Saved data entries:
☆ ☆ ☆ ☆
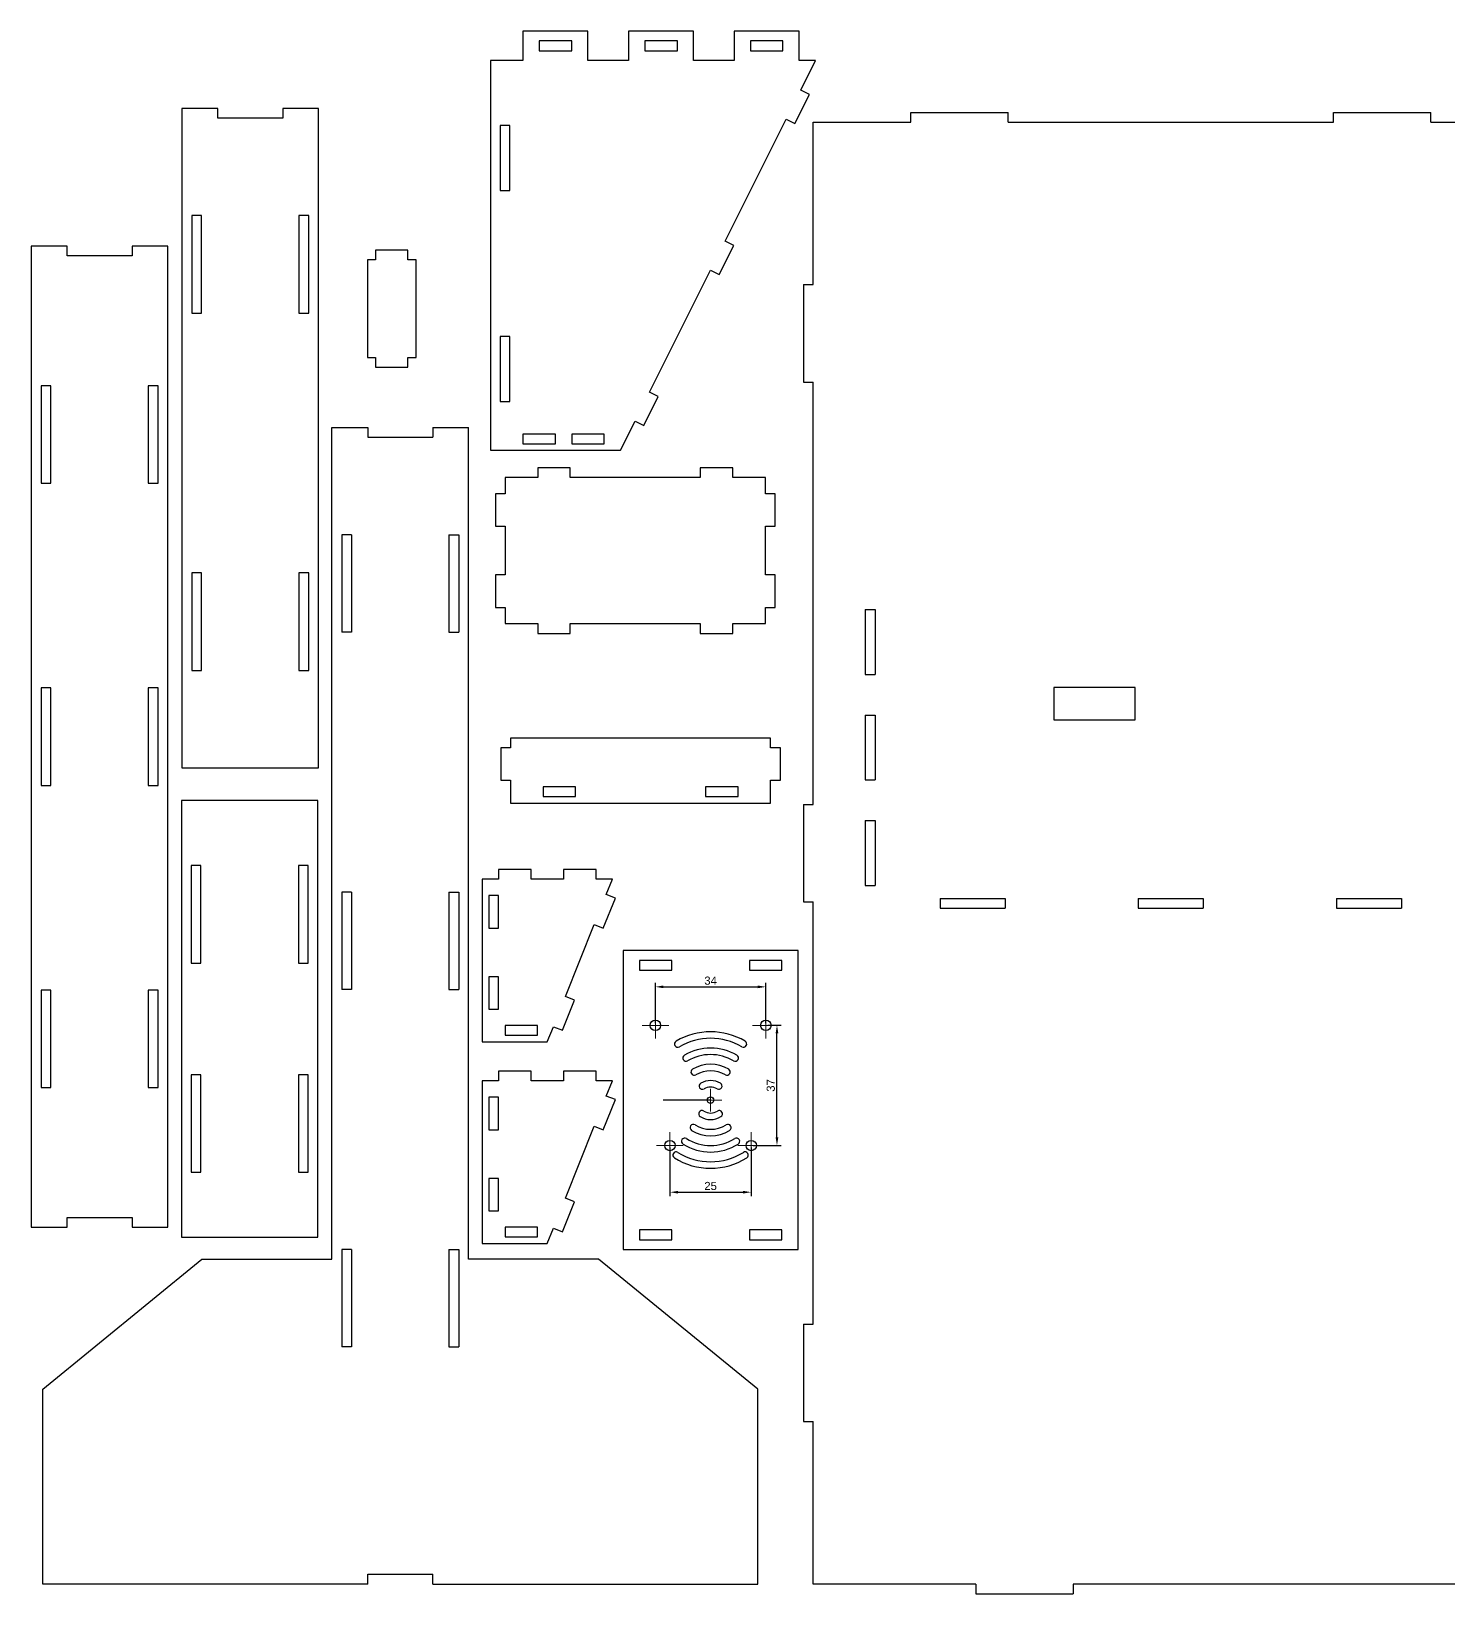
# Model space of a CAD drawing. Header units: millimetres. Extents: x 4721 to 6828, y 89 to 634.
# Drawn here: x 5342.4 to 5778.5, y 88.7 to 569.7 of the extents above; entities that cross this region are included whole.
import ezdxf

# ---------------------------------------------------------------- set-up
doc = ezdxf.new("R2010")
doc.units = ezdxf.units.MM
doc.styles.get("Standard").update_dxf_attribs({"font": 'arial.ttf'})
doc.dimstyles.new('ISO-25', dxfattribs={"dimtxt": 2.5, "dimasz": 2.5, "dimexe": 1.25, "dimexo": 0.625, "dimtad": 1, "dimtxsty": 'Standard', "dimcen": 2.5, "dimadec": 0, "dimazin": 0, "dimtfac": 1, "dimtmove": 0, "dimatfit": 3, "dimfxl": 1, "dimarcsym": 0})

# ---------------------------------------------------------------- blocks, each defined once
blk = doc.blocks.new('SW_CENTERMARKSYMBOL_9')
at = {"color": 0, "linetype": 'Continuous', "lineweight": 0}
for p, q in [((-0.5, 0), (-0.7, 0)), ((0, 0), (-0.5, 0)), ((0, 0.5), (0, 0.7)), ((0, 0), (0, 0.5)), ((0, 0), (0.5, 0)), ((0, 0), (0, -0.5)), ((0.5, 0), (0.7, 0)), ((0, -0.5), (0, -0.7))]:
    blk.add_line(p, q, dxfattribs=at)
blk = doc.blocks.new('SW_CENTERMARKSYMBOL_10')
at = {"color": 0, "linetype": 'Continuous', "lineweight": 0}
for p, q in [((-0.5, 0), (-0.82, 0)), ((0, 0), (-0.5, 0)), ((0, 0.5), (0, 0.82)), ((0, 0), (0, 0.5)), ((0, 0), (0.5, 0)), ((0, 0), (0, -0.5)), ((0.5, 0), (0.82, 0)), ((0, -0.5), (0, -0.82))]:
    blk.add_line(p, q, dxfattribs=at)
blk = doc.blocks.new('SW_CENTERMARKSYMBOL_12')
at = {"color": 0, "linetype": 'Continuous', "lineweight": 0}
for p, q in [((-0.5, 0), (-0.82, 0)), ((0, 0), (-0.5, 0)), ((0, 0.5), (0, 0.82)), ((0, 0), (0, 0.5)), ((0, 0), (0.5, 0)), ((0, 0), (0, -0.5)), ((0.5, 0), (0.82, 0)), ((0, -0.5), (0, -0.82))]:
    blk.add_line(p, q, dxfattribs=at)
blk = doc.blocks.new('*D48')
at = {"color": 0, "lineweight": -2, "transparency": 16777216}
for p, q in [((5534.39, 264.28), (5534.39, 276.75)), ((5536.89, 275.5), (5565.89, 275.5)), ((5568.39, 264.28), (5568.39, 276.75))]:
    blk.add_line(p, q, dxfattribs=at)
at = {"color": 0, "transparency": 16777216}
for points in [[(5536.89, 275.92), (5536.89, 275.09), (5534.39, 275.5)], [(5565.89, 275.92), (5565.89, 275.09), (5568.39, 275.5)]]:
    blk.add_solid(points, dxfattribs=at)
at = {"layer": 'Defpoints', "color": 0, "transparency": 16777216}
for p in [(5568.39, 275.5), (5534.39, 263.66), (5568.39, 263.66)]:
    blk.add_point(p, dxfattribs=at)
at = {"color": 0, "transparency": 16777216, "insert": (5551.39, 277.4), "char_height": 2.5, "attachment_point": 5}
blk.add_mtext('34', dxfattribs=at)
blk = doc.blocks.new('*D49')
at = {"color": 0, "lineweight": -2, "transparency": 16777216}
for p, q in [((5569.02, 263.66), (5573.06, 263.66)), ((5571.81, 229.16), (5571.81, 261.16)), ((5564.52, 226.66), (5573.06, 226.66))]:
    blk.add_line(p, q, dxfattribs=at)
at = {"color": 0, "transparency": 16777216}
for points in [[(5571.39, 261.16), (5572.23, 261.16), (5571.81, 263.66)], [(5571.39, 229.16), (5572.23, 229.16), (5571.81, 226.66)]]:
    blk.add_solid(points, dxfattribs=at)
at = {"layer": 'Defpoints', "color": 0, "transparency": 16777216}
for p in [(5568.39, 263.66), (5571.81, 263.66), (5563.89, 226.66)]:
    blk.add_point(p, dxfattribs=at)
at = {"color": 0, "transparency": 16777216, "insert": (5569.91, 245.16), "char_height": 2.5, "attachment_point": 5, "rotation": 90}
blk.add_mtext('37', dxfattribs=at)
blk = doc.blocks.new('*D50')
at = {"color": 0, "lineweight": -2, "transparency": 16777216}
for p, q in [((5538.89, 226.03), (5538.89, 211.04)), ((5563.89, 226.03), (5563.89, 211.04)), ((5541.39, 212.29), (5561.39, 212.29))]:
    blk.add_line(p, q, dxfattribs=at)
at = {"color": 0, "transparency": 16777216}
for points in [[(5541.39, 212.7), (5541.39, 211.87), (5538.89, 212.29)], [(5561.39, 212.7), (5561.39, 211.87), (5563.89, 212.29)]]:
    blk.add_solid(points, dxfattribs=at)
at = {"layer": 'Defpoints', "color": 0, "transparency": 16777216}
for p in [(5538.89, 226.66), (5563.89, 226.66), (5563.89, 212.29)]:
    blk.add_point(p, dxfattribs=at)
at = {"color": 0, "transparency": 16777216, "insert": (5551.39, 214.19), "char_height": 2.5, "attachment_point": 5}
blk.add_mtext('25', dxfattribs=at)

msp = doc.modelspace()

# ---------------------------------------------------------------- linework, layer by layer
at = {"color": 7, "linetype": 'Continuous', "lineweight": 25}
for p, q in [((5493.663, 569.659), (5493.663, 560.659)), ((5513.663, 569.659), (5493.663, 569.659)), ((5513.663, 560.659), (5513.663, 569.659)), ((5526.163, 569.659), (5526.163, 560.659)), ((5546.163, 569.659), (5526.163, 569.659)), ((5546.163, 560.659), (5546.163, 569.659)), ((5558.663, 569.659), (5558.663, 560.659)), ((5578.663, 569.659), (5558.663, 569.659)), ((5578.663, 560.659), (5578.663, 569.659)), ((5498.663, 566.659), (5498.663, 563.659)), ((5508.663, 566.659), (5498.663, 566.659)), ((5498.663, 563.659), (5508.663, 563.659)), ((5508.663, 563.659), (5508.663, 566.659)), ((5531.163, 566.659), (5531.163, 563.659)), ((5541.163, 566.659), (5531.163, 566.659)), ((5531.163, 563.659), (5541.163, 563.659)), ((5541.163, 563.659), (5541.163, 566.659)), ((5563.663, 566.659), (5563.663, 563.659)), ((5573.663, 566.659), (5563.663, 566.659)), ((5563.663, 563.659), (5573.663, 563.659)), ((5573.663, 563.659), (5573.663, 566.659)), ((5493.663, 560.659), (5483.663, 560.659)), ((5483.663, 560.659), (5483.663, 440.659)), ((5526.163, 560.659), (5513.663, 560.659)), ((5558.663, 560.659), (5546.163, 560.659)), ((5583.663, 560.659), (5578.663, 560.659)), ((5579.118, 551.568), (5583.663, 560.659)), ((5577.329, 541.282), (5581.801, 550.226)), ((5581.801, 550.226), (5579.118, 551.568)), ((5388.744, 545.926), (5388.744, 342.926)), ((5399.744, 545.926), (5388.744, 545.926)), ((5399.744, 542.926), (5399.744, 545.926)), ((5419.744, 545.926), (5419.744, 542.926)), ((5430.744, 545.926), (5419.744, 545.926)), ((5430.744, 342.926), (5430.744, 545.926)), ((5612.974, 541.684), (5612.974, 544.684)), ((5612.974, 544.684), (5642.974, 544.684)), ((5642.974, 541.684), (5642.974, 544.684)), ((5742.974, 541.684), (5742.974, 544.684)), ((5742.974, 544.684), (5772.974, 544.684)), ((5772.974, 541.684), (5772.974, 544.684)), ((5419.744, 542.926), (5399.744, 542.926)), ((5486.663, 540.659), (5486.663, 520.659)), ((5489.663, 540.659), (5486.663, 540.659)), ((5489.663, 520.659), (5489.663, 540.659)), ((5555.863, 505.057), (5574.646, 542.623)), ((5574.646, 542.623), (5577.329, 541.282)), ((5582.974, 491.684), (5582.974, 541.684)), ((5582.974, 541.684), (5612.974, 541.684)), ((5642.974, 541.684), (5742.974, 541.684)), ((5772.974, 541.684), (5802.974, 541.684)), ((5486.663, 520.659), (5489.663, 520.659)), ((5391.744, 512.926), (5391.744, 482.926)), ((5394.744, 512.926), (5391.744, 512.926)), ((5394.744, 482.926), (5394.744, 512.926)), ((5427.744, 512.926), (5424.744, 512.926)), ((5424.744, 512.926), (5424.744, 482.926)), ((5427.744, 482.926), (5427.744, 512.926)), ((5558.546, 503.716), (5555.863, 505.057)), ((5342.396, 503.508), (5342.396, 201.508)), ((5353.396, 503.508), (5342.396, 503.508)), ((5353.396, 500.508), (5353.396, 503.508)), ((5373.396, 500.508), (5353.396, 500.508)), ((5373.396, 503.508), (5373.396, 500.508)), ((5384.396, 503.508), (5373.396, 503.508)), ((5384.396, 201.508), (5384.396, 503.508)), ((5448.287, 502.253), (5448.287, 499.253)), ((5458.287, 502.253), (5448.287, 502.253)), ((5458.287, 499.253), (5458.287, 502.253)), ((5554.074, 494.771), (5558.546, 503.716)), ((5445.787, 499.253), (5445.787, 469.253)), ((5448.287, 499.253), (5445.787, 499.253)), ((5460.787, 499.253), (5458.287, 499.253)), ((5460.787, 469.253), (5460.787, 499.253)), ((5532.608, 458.547), (5551.391, 496.113)), ((5551.391, 496.113), (5554.074, 494.771)), ((5579.974, 491.684), (5579.974, 461.684)), ((5579.974, 491.684), (5582.974, 491.684)), ((5391.744, 482.926), (5394.744, 482.926)), ((5424.744, 482.926), (5427.744, 482.926)), ((5486.663, 475.659), (5486.663, 455.659)), ((5489.663, 475.659), (5486.663, 475.659)), ((5489.663, 455.659), (5489.663, 475.659)), ((5445.787, 469.253), (5448.287, 469.253)), ((5448.287, 469.253), (5448.287, 466.253)), ((5458.287, 469.253), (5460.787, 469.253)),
☆ ☆ ☆ ☆
There is a line with "doc.units = ezdxf.units.MM" and a line with "blk = doc.blocks.new('SW_CENTERMARKSYMBOL_9')" above. Copy exactly those two lines and all lines between them, with nothing else.

doc.units = ezdxf.units.MM
doc.styles.get("Standard").update_dxf_attribs({"font": 'arial.ttf'})
doc.dimstyles.new('ISO-25', dxfattribs={"dimtxt": 2.5, "dimasz": 2.5, "dimexe": 1.25, "dimexo": 0.625, "dimtad": 1, "dimtxsty": 'Standard', "dimcen": 2.5, "dimadec": 0, "dimazin": 0, "dimtfac": 1, "dimtmove": 0, "dimatfit": 3, "dimfxl": 1, "dimarcsym": 0})

# ---------------------------------------------------------------- blocks, each defined once
blk = doc.blocks.new('SW_CENTERMARKSYMBOL_9')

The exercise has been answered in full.